Inspector.—Naturalmente.
Señora.—Soy una persona delicada, de sentimientos refinados, señor
inspector. Si alguien me avasalla de ese modo, me vuelvo sorda como una
estatua. Va luego el pánfilo presumido y me planta el puño en el hombro.
Bonito, ¿verdad? Todo un caballero, ¿eh? ¡Pero conmigo no vale! Me alcé como un
cohete de Cabo Cañaveral y le metí la boina hasta las orejas. Bien, pues
figúrese, con todo y con eso seguía ofendido el señor.
Inspector.—¿No me diga?
Señora.—Lo que oye. Ahora viene lo peor. Mientras yo trataba
amablemente de hacerle comprender que debía pedirme disculpas, él empeñado en
echarme del tranvía. Así, no tuve otro remedio que defenderme.
Inspector.—¡Con el paraguas!
Señora.—¿Con qué si no? Quedó hecho polvo. ¿Quién me paga a mí otro
ahora?
Inspector.—¡Encima!
Señora.— (Furiosa).
¿Tenía, entonces, que haberme dejado echar del tranvía?
Inspector.—Si hubiese sacado el billete, se habría ahorrado estos
disgustos.
Señora.— (De pie de un salto).
¡Ah!… entonces, ¿no me cree?
Inspector.—Ni media palabra, señora Macholke. Usted fue la culpable
de todo.

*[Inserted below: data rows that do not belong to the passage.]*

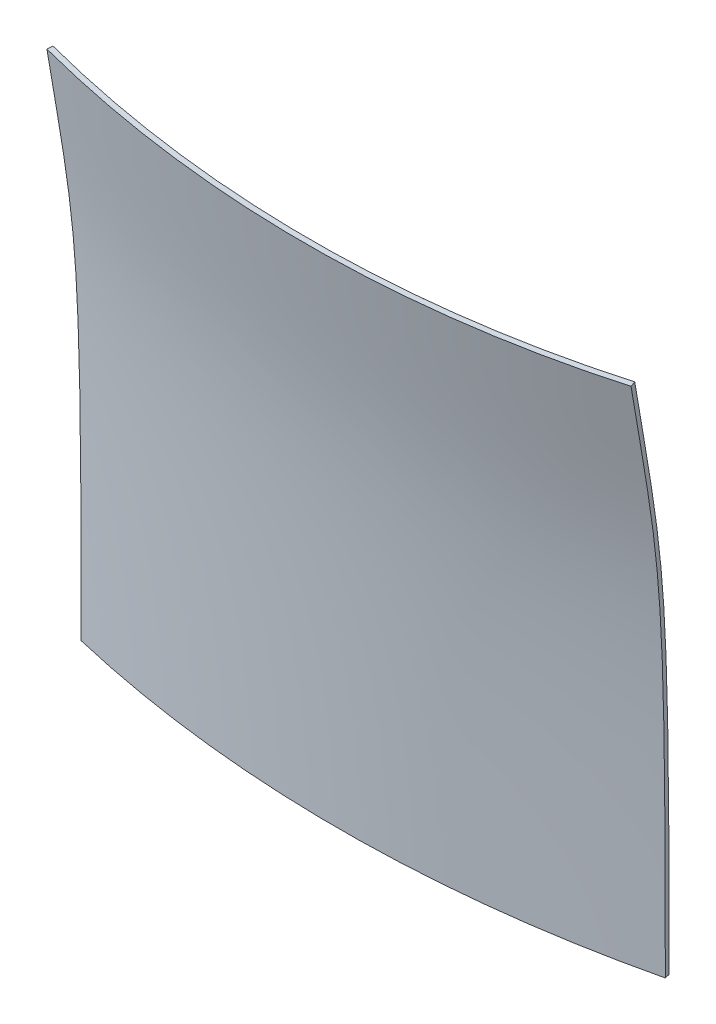
ISO-10303-21;
HEADER;
FILE_DESCRIPTION(('STEP AP214'),'2;1');
FILE_NAME('part.step','',(''),(''),'','','');
FILE_SCHEMA(('AUTOMOTIVE_DESIGN { 1 0 10303 214 1 1 1 1 }'));
ENDSEC;
DATA;
#1=APPLICATION_CONTEXT('core data for automotive mechanical design processes');
#2=APPLICATION_PROTOCOL_DEFINITION('international standard','automotive_design',2000,#1);
#3=PRODUCT_CONTEXT('',#1,'mechanical');
#4=PRODUCT('Part','Part','',(#3));
#5=PRODUCT_RELATED_PRODUCT_CATEGORY('part','',(#4));
#6=PRODUCT_DEFINITION_FORMATION('','',#4);
#7=PRODUCT_DEFINITION_CONTEXT('part definition',#1,'design');
#8=PRODUCT_DEFINITION('design','',#6,#7);
#9=PRODUCT_DEFINITION_SHAPE('','',#8);
#10=(LENGTH_UNIT() NAMED_UNIT(*) SI_UNIT(.MILLI.,.METRE.));
#11=(NAMED_UNIT(*) PLANE_ANGLE_UNIT() SI_UNIT($,.RADIAN.));
#12=(NAMED_UNIT(*) SI_UNIT($,.STERADIAN.) SOLID_ANGLE_UNIT());
#13=UNCERTAINTY_MEASURE_WITH_UNIT(LENGTH_MEASURE(1.E-05),#10,'distance_accuracy_value','');
#14=(GEOMETRIC_REPRESENTATION_CONTEXT(3) GLOBAL_UNCERTAINTY_ASSIGNED_CONTEXT((#13)) GLOBAL_UNIT_ASSIGNED_CONTEXT((#10,
#11,#12)) REPRESENTATION_CONTEXT('',''));
#15=CARTESIAN_POINT('',(0.,0.,0.));
#16=DIRECTION('',(0.,0.,1.));
#17=DIRECTION('',(1.,0.,0.));
#18=AXIS2_PLACEMENT_3D('',#15,#16,#17);
#19=CARTESIAN_POINT('',(215.9,120.893254420458,-1029.51677812609));
#20=DIRECTION('',(0.,0.98601329718327,0.166666666666666));
#21=DIRECTION('',(0.,-0.166666666666666,0.98601329718327));
#22=AXIS2_PLACEMENT_3D('',#19,#20,#21);
#23=PLANE('',#22);
#24=CARTESIAN_POINT('',(215.9,120.893254420458,-1029.51677812609));
#25=DIRECTION('',(0.,-0.98601329718327,-0.166666666666666));
#26=DIRECTION('',(0.,-0.166666666666666,0.98601329718327));
#27=AXIS2_PLACEMENT_3D('',#24,#25,#26);
#28=CIRCLE('',#27,952.075561082888);
#29=CARTESIAN_POINT('',(434.3497161889,-33.5526724266893,-115.802352723594));
#30=VERTEX_POINT('',#29);
#31=CARTESIAN_POINT('',(-2.54971618890004,-33.5526724266893,-115.802352723594));
#32=VERTEX_POINT('',#31);
#33=EDGE_CURVE('E143',#30,#32,#28,.T.);
#34=ORIENTED_EDGE('',*,*,#33,.T.);
#35=DIRECTION('',(-0.229445776278968,-0.162220240871933,0.959707887432001));
#36=VECTOR('',#35,1.);
#37=CARTESIAN_POINT('',(-3.42390459652292,-34.1707315444114,-112.145865672478));
#38=LINE('',#37,#36);
#39=CARTESIAN_POINT('',(-3.42390459652292,-34.1707315444114,-112.145865672478));
#40=VERTEX_POINT('',#39);
#41=EDGE_CURVE('E170',#32,#40,#38,.T.);
#42=ORIENTED_EDGE('',*,*,#41,.T.);
#43=CARTESIAN_POINT('',(215.9,120.893254420458,-1029.51677812609));
#44=DIRECTION('',(0.,0.98601329718327,0.166666666666666));
#45=DIRECTION('',(0.,-0.166666666666666,0.98601329718327));
#46=AXIS2_PLACEMENT_3D('',#43,#44,#45);
#47=CIRCLE('',#46,955.885561082888);
#48=CARTESIAN_POINT('',(435.223904596523,-34.1707315444114,-112.145865672478));
#49=VERTEX_POINT('',#48);
#50=EDGE_CURVE('E136',#40,#49,#47,.T.);
#51=ORIENTED_EDGE('',*,*,#50,.T.);
#52=DIRECTION('',(-0.229445776278981,0.162220240871932,-0.959707887431998));
#53=VECTOR('',#52,1.);
#54=CARTESIAN_POINT('',(434.3497161889,-33.5526724266893,-115.802352723594));
#55=LINE('',#54,#53);
#56=EDGE_CURVE('E140',#49,#30,#55,.T.);
#57=ORIENTED_EDGE('',*,*,#56,.T.);
#58=EDGE_LOOP('',(#34,#42,#51,#57));
#59=FACE_BOUND('',#58,.T.);
#60=ADVANCED_FACE('F98',(#59),#23,.T.);
#61=CARTESIAN_POINT('',(215.9,-431.8,-1068.25952652276));
#62=DIRECTION('',(0.,1.,0.));
#63=DIRECTION('',(0.,0.,1.));
#64=AXIS2_PLACEMENT_3D('',#61,#62,#63);
#65=PLANE('',#64);
#66=CARTESIAN_POINT('',(215.9,-431.8,-1068.25952652276));
#67=DIRECTION('',(0.,-1.,0.));
#68=DIRECTION('',(0.,0.,1.));
#69=AXIS2_PLACEMENT_3D('',#66,#67,#68);
#70=CIRCLE('',#69,952.075561082892);
#71=CARTESIAN_POINT('',(434.3497161889,-431.8,-141.583965439864));
#72=VERTEX_POINT('',#71);
#73=CARTESIAN_POINT('',(-2.54971618890004,-431.8,-141.583965439864));
#74=VERTEX_POINT('',#73);
#75=EDGE_CURVE('E186',#72,#74,#70,.T.);
#76=ORIENTED_EDGE('',*,*,#75,.F.);
#77=DIRECTION('',(-0.229445776278959,0.,-0.973321445231608));
#78=VECTOR('',#77,1.);
#79=CARTESIAN_POINT('',(434.3497161889,-431.8,-141.583965439864));
#80=LINE('',#79,#78);
#81=CARTESIAN_POINT('',(435.223904596523,-431.8,-137.875610733531));
#82=VERTEX_POINT('',#81);
#83=EDGE_CURVE('E167',#82,#72,#80,.T.);
#84=ORIENTED_EDGE('',*,*,#83,.F.);
#85=CARTESIAN_POINT('',(215.9,-431.8,-1068.25952652276));
#86=DIRECTION('',(0.,1.,0.));
#87=DIRECTION('',(0.,0.,1.));
#88=AXIS2_PLACEMENT_3D('',#85,#86,#87);
#89=CIRCLE('',#88,955.885561082892);
#90=CARTESIAN_POINT('',(-3.423904596523,-431.8,-137.875610733531));
#91=VERTEX_POINT('',#90);
#92=EDGE_CURVE('E109',#91,#82,#89,.T.);
#93=ORIENTED_EDGE('',*,*,#92,.F.);
#94=DIRECTION('',(-0.229445776278993,0.,0.9733214452316));
#95=VECTOR('',#94,1.);
#96=CARTESIAN_POINT('',(-2.54971618890004,-431.8,-141.583965439864));
#97=LINE('',#96,#95);
#98=EDGE_CURVE('E12',#74,#91,#97,.T.);
#99=ORIENTED_EDGE('',*,*,#98,.F.);
#100=EDGE_LOOP('',(#76,#84,#93,#99));
#101=FACE_BOUND('',#100,.T.);
#102=ADVANCED_FACE('F240',(#101),#65,.F.);
#103=CARTESIAN_POINT('',(-2.54971618890004,-431.8,-141.583965439864));
#104=CARTESIAN_POINT('',(-2.54971618890004,-165.74601594285,-141.583965439864));
#105=CARTESIAN_POINT('',(-2.54971618890004,-164.719055451157,-137.97351806169));
#106=CARTESIAN_POINT('',(-2.54971618890004,-33.5526724266893,-115.802352723594));
#107=CARTESIAN_POINT('',(-2.84111232477436,-431.8,-140.34784720442));
#108=CARTESIAN_POINT('',(-2.84111232477436,-165.883820085894,-140.34784720442));
#109=CARTESIAN_POINT('',(-2.84111232477434,-164.85713679834,-136.743205366064));
#110=CARTESIAN_POINT('',(-2.84111232477433,-33.7586921325967,-114.583523706556));
#111=CARTESIAN_POINT('',(-3.13250846064868,-431.8,-139.111728968976));
#112=CARTESIAN_POINT('',(-3.13250846064868,-166.021624228939,-139.111728968976));
#113=CARTESIAN_POINT('',(-3.13250846064863,-164.995218145523,-135.512892670439));
#114=CARTESIAN_POINT('',(-3.13250846064863,-33.964711838504,-113.364694689517));
#115=CARTESIAN_POINT('',(-3.423904596523,-431.8,-137.875610733531));
#116=CARTESIAN_POINT('',(-3.423904596523,-166.159428371984,-137.875610733531));
#117=CARTESIAN_POINT('',(-3.42390459652292,-165.133299492706,-134.282579974813));
#118=CARTESIAN_POINT('',(-3.42390459652292,-34.1707315444114,-112.145865672478));
#119=B_SPLINE_SURFACE_WITH_KNOTS('',3,3,((#103,#104,#105,#106),(#107,#108,#109,#110),(#111,#112,
#113,#114),(#115,#116,#117,#118)),.UNSPECIFIED.,.F.,.F.,.F.,(4,4),(4,4),(0.,1.),(0.,1.),.UNSPECIFIED.);
#120=CARTESIAN_POINT('',(-3.423904596523,-431.8,-137.875610733531));
#121=CARTESIAN_POINT('',(-3.423904596523,-166.159428371984,-137.875610733531));
#122=CARTESIAN_POINT('',(-3.42390459652292,-165.133299492706,-134.282579974813));
#123=CARTESIAN_POINT('',(-3.42390459652292,-34.1707315444114,-112.145865672478));
#124=B_SPLINE_CURVE_WITH_KNOTS('',3,(#120,#121,#122,#123),.UNSPECIFIED.,.F.,.F.,(4,4),(0.,1.),.UNSPECIFIED.);
#125=EDGE_CURVE('E118',#91,#40,#124,.T.);
#126=CARTESIAN_POINT('',(-2.54971618890004,-431.8,-141.583965439864));
#127=CARTESIAN_POINT('',(-2.54971618890004,-165.74601594285,-141.583965439864));
#128=CARTESIAN_POINT('',(-2.54971618890004,-164.719055451157,-137.97351806169));
#129=CARTESIAN_POINT('',(-2.54971618890004,-33.5526724266893,-115.802352723594));
#130=B_SPLINE_CURVE_WITH_KNOTS('',3,(#126,#127,#128,#129),.UNSPECIFIED.,.F.,.F.,(4,4),(0.,1.),.UNSPECIFIED.);
#131=EDGE_CURVE('E160',#32,#74,#130,.F.);
#132=ORIENTED_EDGE('',*,*,#98,.T.);
#133=ORIENTED_EDGE('',*,*,#125,.T.);
#134=ORIENTED_EDGE('',*,*,#41,.F.);
#135=ORIENTED_EDGE('',*,*,#131,.T.);
#136=EDGE_LOOP('',(#132,#133,#134,#135));
#137=FACE_BOUND('',#136,.T.);
#138=ADVANCED_FACE('F248',(#137),#119,.T.);
#139=CARTESIAN_POINT('',(-3.42390459652339,-431.8,-137.875610733531));
#140=CARTESIAN_POINT('',(-3.42390459652339,-166.159428371984,-137.875610733531));
#141=CARTESIAN_POINT('',(-3.42390459652328,-165.133299492706,-134.282579974813));
#142=CARTESIAN_POINT('',(-3.42390459652328,-34.1707315444114,-112.145865672479));
#143=CARTESIAN_POINT('',(140.81170035437,-431.8,-103.874253312346));
#144=CARTESIAN_POINT('',(140.81170035437,-166.159428371984,-103.874253312346));
#145=CARTESIAN_POINT('',(140.81170035437,-170.800192396237,-100.756789435243));
#146=CARTESIAN_POINT('',(140.81170035437,-39.8376244479423,-78.6200751329085));
#147=CARTESIAN_POINT('',(290.98829964563,-431.8,-103.874253312346));
#148=CARTESIAN_POINT('',(290.98829964563,-166.159428371984,-103.874253312346));
#149=CARTESIAN_POINT('',(290.98829964563,-170.800192396237,-100.756789435243));
#150=CARTESIAN_POINT('',(290.98829964563,-39.8376244479423,-78.6200751329085));
#151=CARTESIAN_POINT('',(435.223904596523,-431.8,-137.875610733531));
#152=CARTESIAN_POINT('',(435.223904596523,-166.159428371984,-137.875610733531));
#153=CARTESIAN_POINT('',(435.223904596523,-165.133299492706,-134.282579974813));
#154=CARTESIAN_POINT('',(435.223904596523,-34.1707315444114,-112.145865672478));
#155=B_SPLINE_SURFACE_WITH_KNOTS('',3,3,((#139,#140,#141,#142),(#143,#144,#145,#146),(#147,#148,
#149,#150),(#151,#152,#153,#154)),.UNSPECIFIED.,.F.,.F.,.F.,(4,4),(4,4),(0.,1.),(0.,1.),.UNSPECIFIED.);
#156=CARTESIAN_POINT('',(435.223904596523,-431.8,-137.875610733531));
#157=CARTESIAN_POINT('',(435.223904596523,-166.159428371984,-137.875610733531));
#158=CARTESIAN_POINT('',(435.223904596523,-165.133299492706,-134.282579974813));
#159=CARTESIAN_POINT('',(435.223904596523,-34.1707315444114,-112.145865672478));
#160=B_SPLINE_CURVE_WITH_KNOTS('',3,(#156,#157,#158,#159),.UNSPECIFIED.,.F.,.F.,(4,4),(0.,1.),.UNSPECIFIED.);
#161=EDGE_CURVE('E169',#82,#49,#160,.T.);
#162=ORIENTED_EDGE('',*,*,#92,.T.);
#163=ORIENTED_EDGE('',*,*,#161,.T.);
#164=ORIENTED_EDGE('',*,*,#50,.F.);
#165=ORIENTED_EDGE('',*,*,#125,.F.);
#166=EDGE_LOOP('',(#162,#163,#164,#165));
#167=FACE_BOUND('',#166,.T.);
#168=ADVANCED_FACE('F202',(#167),#155,.T.);
#169=CARTESIAN_POINT('',(434.349716188901,-431.8,-141.583965439864));
#170=CARTESIAN_POINT('',(434.349716188901,-165.74601594285,-141.583965439864));
#171=CARTESIAN_POINT('',(434.3497161889,-164.719055451157,-137.97351806169));
#172=CARTESIAN_POINT('',(434.3497161889,-33.5526724266893,-115.802352723595));
#173=CARTESIAN_POINT('',(290.689010239767,-431.8,-107.718131743535));
#174=CARTESIAN_POINT('',(290.689010239767,-165.74601594285,-107.718131743535));
#175=CARTESIAN_POINT('',(290.689010239767,-170.363361067212,-104.581355716913));
#176=CARTESIAN_POINT('',(290.689010239767,-39.1969780427441,-82.410190378817));
#177=CARTESIAN_POINT('',(141.110989760234,-431.8,-107.718131743535));
#178=CARTESIAN_POINT('',(141.110989760234,-165.74601594285,-107.718131743535));
#179=CARTESIAN_POINT('',(141.110989760234,-170.363361067212,-104.581355716913));
#180=CARTESIAN_POINT('',(141.110989760234,-39.1969780427441,-82.4101903788171));
#181=CARTESIAN_POINT('',(-2.54971618890004,-431.8,-141.583965439864));
#182=CARTESIAN_POINT('',(-2.54971618890004,-165.74601594285,-141.583965439864));
#183=CARTESIAN_POINT('',(-2.54971618890007,-164.719055451157,-137.97351806169));
#184=CARTESIAN_POINT('',(-2.54971618890007,-33.5526724266893,-115.802352723595));
#185=B_SPLINE_SURFACE_WITH_KNOTS('',3,3,((#169,#170,#171,#172),(#173,#174,#175,#176),(#177,#178,
#179,#180),(#181,#182,#183,#184)),.UNSPECIFIED.,.F.,.F.,.F.,(4,4),(4,4),(0.,1.),(0.,1.),.UNSPECIFIED.);
#186=CARTESIAN_POINT('',(434.3497161889,-431.8,-141.583965439864));
#187=CARTESIAN_POINT('',(434.3497161889,-165.74601594285,-141.583965439864));
#188=CARTESIAN_POINT('',(434.3497161889,-164.719055451157,-137.97351806169));
#189=CARTESIAN_POINT('',(434.3497161889,-33.5526724266893,-115.802352723594));
#190=B_SPLINE_CURVE_WITH_KNOTS('',3,(#186,#187,#188,#189),.UNSPECIFIED.,.F.,.F.,(4,4),(0.,1.),.UNSPECIFIED.);
#191=EDGE_CURVE('E157',#72,#30,#190,.T.);
#192=ORIENTED_EDGE('',*,*,#75,.T.);
#193=ORIENTED_EDGE('',*,*,#131,.F.);
#194=ORIENTED_EDGE('',*,*,#33,.F.);
#195=ORIENTED_EDGE('',*,*,#191,.F.);
#196=EDGE_LOOP('',(#192,#193,#194,#195));
#197=FACE_BOUND('',#196,.T.);
#198=ADVANCED_FACE('F156',(#197),#185,.T.);
#199=CARTESIAN_POINT('',(435.223904596523,-431.8,-137.875610733531));
#200=CARTESIAN_POINT('',(435.223904596523,-166.159428371984,-137.875610733531));
#201=CARTESIAN_POINT('',(435.223904596523,-165.133299492706,-134.282579974813));
#202=CARTESIAN_POINT('',(435.223904596523,-34.1707315444114,-112.145865672478));
#203=CARTESIAN_POINT('',(434.932508460649,-431.8,-139.111728968976));
#204=CARTESIAN_POINT('',(434.932508460649,-166.021624228939,-139.111728968976));
#205=CARTESIAN_POINT('',(434.932508460649,-164.995218145523,-135.512892670439));
#206=CARTESIAN_POINT('',(434.932508460649,-33.9647118385041,-113.364694689517));
#207=CARTESIAN_POINT('',(434.641112324774,-431.8,-140.34784720442));
#208=CARTESIAN_POINT('',(434.641112324774,-165.883820085894,-140.34784720442));
#209=CARTESIAN_POINT('',(434.641112324774,-164.85713679834,-136.743205366064));
#210=CARTESIAN_POINT('',(434.641112324774,-33.7586921325967,-114.583523706556));
#211=CARTESIAN_POINT('',(434.3497161889,-431.8,-141.583965439864));
#212=CARTESIAN_POINT('',(434.3497161889,-165.74601594285,-141.583965439864));
#213=CARTESIAN_POINT('',(434.3497161889,-164.719055451157,-137.97351806169));
#214=CARTESIAN_POINT('',(434.3497161889,-33.5526724266893,-115.802352723594));
#215=B_SPLINE_SURFACE_WITH_KNOTS('',3,3,((#199,#200,#201,#202),(#203,#204,#205,#206),(#207,#208,
#209,#210),(#211,#212,#213,#214)),.UNSPECIFIED.,.F.,.F.,.F.,(4,4),(4,4),(0.,1.),(0.,1.),.UNSPECIFIED.);
#216=ORIENTED_EDGE('',*,*,#83,.T.);
#217=ORIENTED_EDGE('',*,*,#191,.T.);
#218=ORIENTED_EDGE('',*,*,#56,.F.);
#219=ORIENTED_EDGE('',*,*,#161,.F.);
#220=EDGE_LOOP('',(#216,#217,#218,#219));
#221=FACE_BOUND('',#220,.T.);
#222=ADVANCED_FACE('F165',(#221),#215,.T.);
#223=CLOSED_SHELL('',(#60,#102,#138,#168,#198,#222));
#224=MANIFOLD_SOLID_BREP('B2',#223);
#225=ADVANCED_BREP_SHAPE_REPRESENTATION('',(#18,#224),#14);
#226=SHAPE_DEFINITION_REPRESENTATION(#9,#225);
ENDSEC;
END-ISO-10303-21;

Hay, exactamente, trece personas que lo atestiguan.
Señora.— (Encolerizada).
Usted… Usted… «¡enano!»… «¡canalón!»… «¡espantacaracoles!»… ¡Ahora me callo la
boca! ¡No le digo ni pío!
Inspector.— (Sonriente).
Eso antes, señora Macholke. Ya puede seguir con los insultos si la desahoga.
Cuesta igual… El guardia la acompañará hasta la puerta.
Señora.—(Dando un respingo).
No hace falta que nadie me acompañe… Y, menos, un carapito como ese.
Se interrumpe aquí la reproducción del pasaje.